**Description of the task**
Transcribe every entry exactly, with nothing added or left out.

(Beginning of Source data)

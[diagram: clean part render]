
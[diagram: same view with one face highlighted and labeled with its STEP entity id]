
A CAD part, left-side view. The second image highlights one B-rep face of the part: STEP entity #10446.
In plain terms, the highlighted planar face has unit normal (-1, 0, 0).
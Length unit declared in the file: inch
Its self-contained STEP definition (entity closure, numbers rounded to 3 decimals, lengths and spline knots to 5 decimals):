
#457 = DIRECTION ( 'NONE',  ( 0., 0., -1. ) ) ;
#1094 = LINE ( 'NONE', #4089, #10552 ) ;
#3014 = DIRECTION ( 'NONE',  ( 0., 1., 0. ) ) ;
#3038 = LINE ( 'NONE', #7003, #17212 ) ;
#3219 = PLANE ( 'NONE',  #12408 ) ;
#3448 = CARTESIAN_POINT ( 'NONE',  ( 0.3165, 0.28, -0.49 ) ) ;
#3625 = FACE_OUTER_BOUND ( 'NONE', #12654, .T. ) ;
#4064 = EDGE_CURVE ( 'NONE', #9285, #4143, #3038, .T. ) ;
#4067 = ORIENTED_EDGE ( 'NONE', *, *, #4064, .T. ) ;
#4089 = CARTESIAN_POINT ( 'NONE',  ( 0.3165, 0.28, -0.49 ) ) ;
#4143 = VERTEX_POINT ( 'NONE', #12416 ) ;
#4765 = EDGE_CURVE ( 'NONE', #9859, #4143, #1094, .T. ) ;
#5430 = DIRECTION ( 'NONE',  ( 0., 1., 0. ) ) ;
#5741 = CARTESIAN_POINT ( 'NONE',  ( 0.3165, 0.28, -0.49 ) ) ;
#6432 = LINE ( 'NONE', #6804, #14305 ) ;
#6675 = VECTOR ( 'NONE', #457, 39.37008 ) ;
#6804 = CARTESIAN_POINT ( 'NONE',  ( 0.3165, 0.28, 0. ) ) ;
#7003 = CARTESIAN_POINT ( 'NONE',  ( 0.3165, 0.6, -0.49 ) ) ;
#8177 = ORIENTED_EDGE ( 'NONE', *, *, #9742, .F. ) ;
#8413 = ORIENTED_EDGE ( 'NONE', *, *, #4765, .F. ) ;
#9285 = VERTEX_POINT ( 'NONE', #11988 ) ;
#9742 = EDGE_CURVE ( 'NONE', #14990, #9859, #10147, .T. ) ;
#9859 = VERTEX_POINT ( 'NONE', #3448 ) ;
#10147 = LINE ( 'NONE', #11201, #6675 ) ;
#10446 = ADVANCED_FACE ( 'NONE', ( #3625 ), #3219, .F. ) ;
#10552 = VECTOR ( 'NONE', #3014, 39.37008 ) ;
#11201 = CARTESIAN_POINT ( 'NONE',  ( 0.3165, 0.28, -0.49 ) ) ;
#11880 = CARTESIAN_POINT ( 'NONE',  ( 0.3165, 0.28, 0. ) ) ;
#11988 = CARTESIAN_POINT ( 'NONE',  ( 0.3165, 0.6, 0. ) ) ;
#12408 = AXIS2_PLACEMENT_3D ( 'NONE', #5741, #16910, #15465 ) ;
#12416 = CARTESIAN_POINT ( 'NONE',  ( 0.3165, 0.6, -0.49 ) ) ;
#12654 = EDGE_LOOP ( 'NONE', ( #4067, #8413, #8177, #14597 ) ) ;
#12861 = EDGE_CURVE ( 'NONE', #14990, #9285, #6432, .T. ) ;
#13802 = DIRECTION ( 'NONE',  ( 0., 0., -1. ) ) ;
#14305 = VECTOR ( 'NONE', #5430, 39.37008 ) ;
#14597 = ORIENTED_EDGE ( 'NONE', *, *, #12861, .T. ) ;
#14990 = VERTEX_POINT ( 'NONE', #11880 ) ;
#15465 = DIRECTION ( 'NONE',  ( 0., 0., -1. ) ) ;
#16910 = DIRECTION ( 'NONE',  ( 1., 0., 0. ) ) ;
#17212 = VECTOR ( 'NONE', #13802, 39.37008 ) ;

(End of Source data)

**Answer box**
[diagram: clean part render]
[diagram: same view with one face highlighted and labeled with its STEP entity id]
A CAD part, left-side view. The second image highlights one B-rep face of the part: STEP entity #10446.
In plain terms, the highlighted planar face has unit normal (-1, 0, 0).
Length unit declared in the file: inch
Its self-contained STEP definition (entity closure, numbers rounded to 3 decimals, lengths and spline knots to 5 decimals):
#457 = DIRECTION ( 'NONE',  ( 0., 0., -1. ) ) ;
#1094 = LINE ( 'NONE', #4089, #10552 ) ;
#3014 = DIRECTION ( 'NONE',  ( 0., 1., 0. ) ) ;
#3038 = LINE ( 'NONE', #7003, #17212 ) ;
#3219 = PLANE ( 'NONE',  #12408 ) ;
#3448 = CARTESIAN_POINT ( 'NONE',  ( 0.3165, 0.28, -0.49 ) ) ;
#3625 = FACE_OUTER_BOUND ( 'NONE', #12654, .T. ) ;
#4064 = EDGE_CURVE ( 'NONE', #9285, #4143, #3038, .T. ) ;
#4067 = ORIENTED_EDGE ( 'NONE', *, *, #4064, .T. ) ;
#4089 = CARTESIAN_POINT ( 'NONE',  ( 0.3165, 0.28, -0.49 ) ) ;
#4143 = VERTEX_POINT ( 'NONE', #12416 ) ;
#4765 = EDGE_CURVE ( 'NONE', #9859, #4143, #1094, .T. ) ;
#5430 = DIRECTION ( 'NONE',  ( 0., 1., 0. ) ) ;
#5741 = CARTESIAN_POINT ( 'NONE',  ( 0.3165, 0.28, -0.49 ) ) ;
#6432 = LINE ( 'NONE', #6804, #14305 ) ;
#6675 = VECTOR ( 'NONE', #457, 39.37008 ) ;
#6804 = CARTESIAN_POINT ( 'NONE',  ( 0.3165, 0.28, 0. ) ) ;
#7003 = CARTESIAN_POINT ( 'NONE',  ( 0.3165, 0.6, -0.49 ) ) ;
#8177 = ORIENTED_EDGE ( 'NONE', *, *, #9742, .F. ) ;
#8413 = ORIENTED_EDGE ( 'NONE', *, *, #4765, .F. ) ;
#9285 = VERTEX_POINT ( 'NONE', #11988 ) ;
#9742 = EDGE_CURVE ( 'NONE', #14990, #9859, #10147, .T. ) ;
#9859 = VERTEX_POINT ( 'NONE', #3448 ) ;
#10147 = LINE ( 'NONE', #11201, #6675 ) ;
#10446 = ADVANCED_FACE ( 'NONE', ( #3625 ), #3219, .F. ) ;
#10552 = VECTOR ( 'NONE', #3014, 39.37008 ) ;
#11201 = CARTESIAN_POINT ( 'NONE',  ( 0.3165, 0.28, -0.49 ) ) ;
#11880 = CARTESIAN_POINT ( 'NONE',  ( 0.3165, 0.28, 0. ) ) ;
#11988 = CARTESIAN_POINT ( 'NONE',  ( 0.3165, 0.6, 0. ) ) ;
#12408 = AXIS2_PLACEMENT_3D ( 'NONE', #5741, #16910, #15465 ) ;
#12416 = CARTESIAN_POINT ( 'NONE',  ( 0.3165, 0.6, -0.49 ) ) ;
#12654 = EDGE_LOOP ( 'NONE', ( #4067, #8413, #8177, #14597 ) ) ;
#12861 = EDGE_CURVE ( 'NONE', #14990, #9285, #6432, .T. ) ;
#13802 = DIRECTION ( 'NONE',  ( 0., 0., -1. ) ) ;
#14305 = VECTOR ( 'NONE', #5430, 39.37008 ) ;
#14597 = ORIENTED_EDGE ( 'NONE', *, *, #12861, .T. ) ;
#14990 = VERTEX_POINT ( 'NONE', #11880 ) ;
#15465 = DIRECTION ( 'NONE',  ( 0., 0., -1. ) ) ;
#16910 = DIRECTION ( 'NONE',  ( 1., 0., 0. ) ) ;
#17212 = VECTOR ( 'NONE', #13802, 39.37008 ) ;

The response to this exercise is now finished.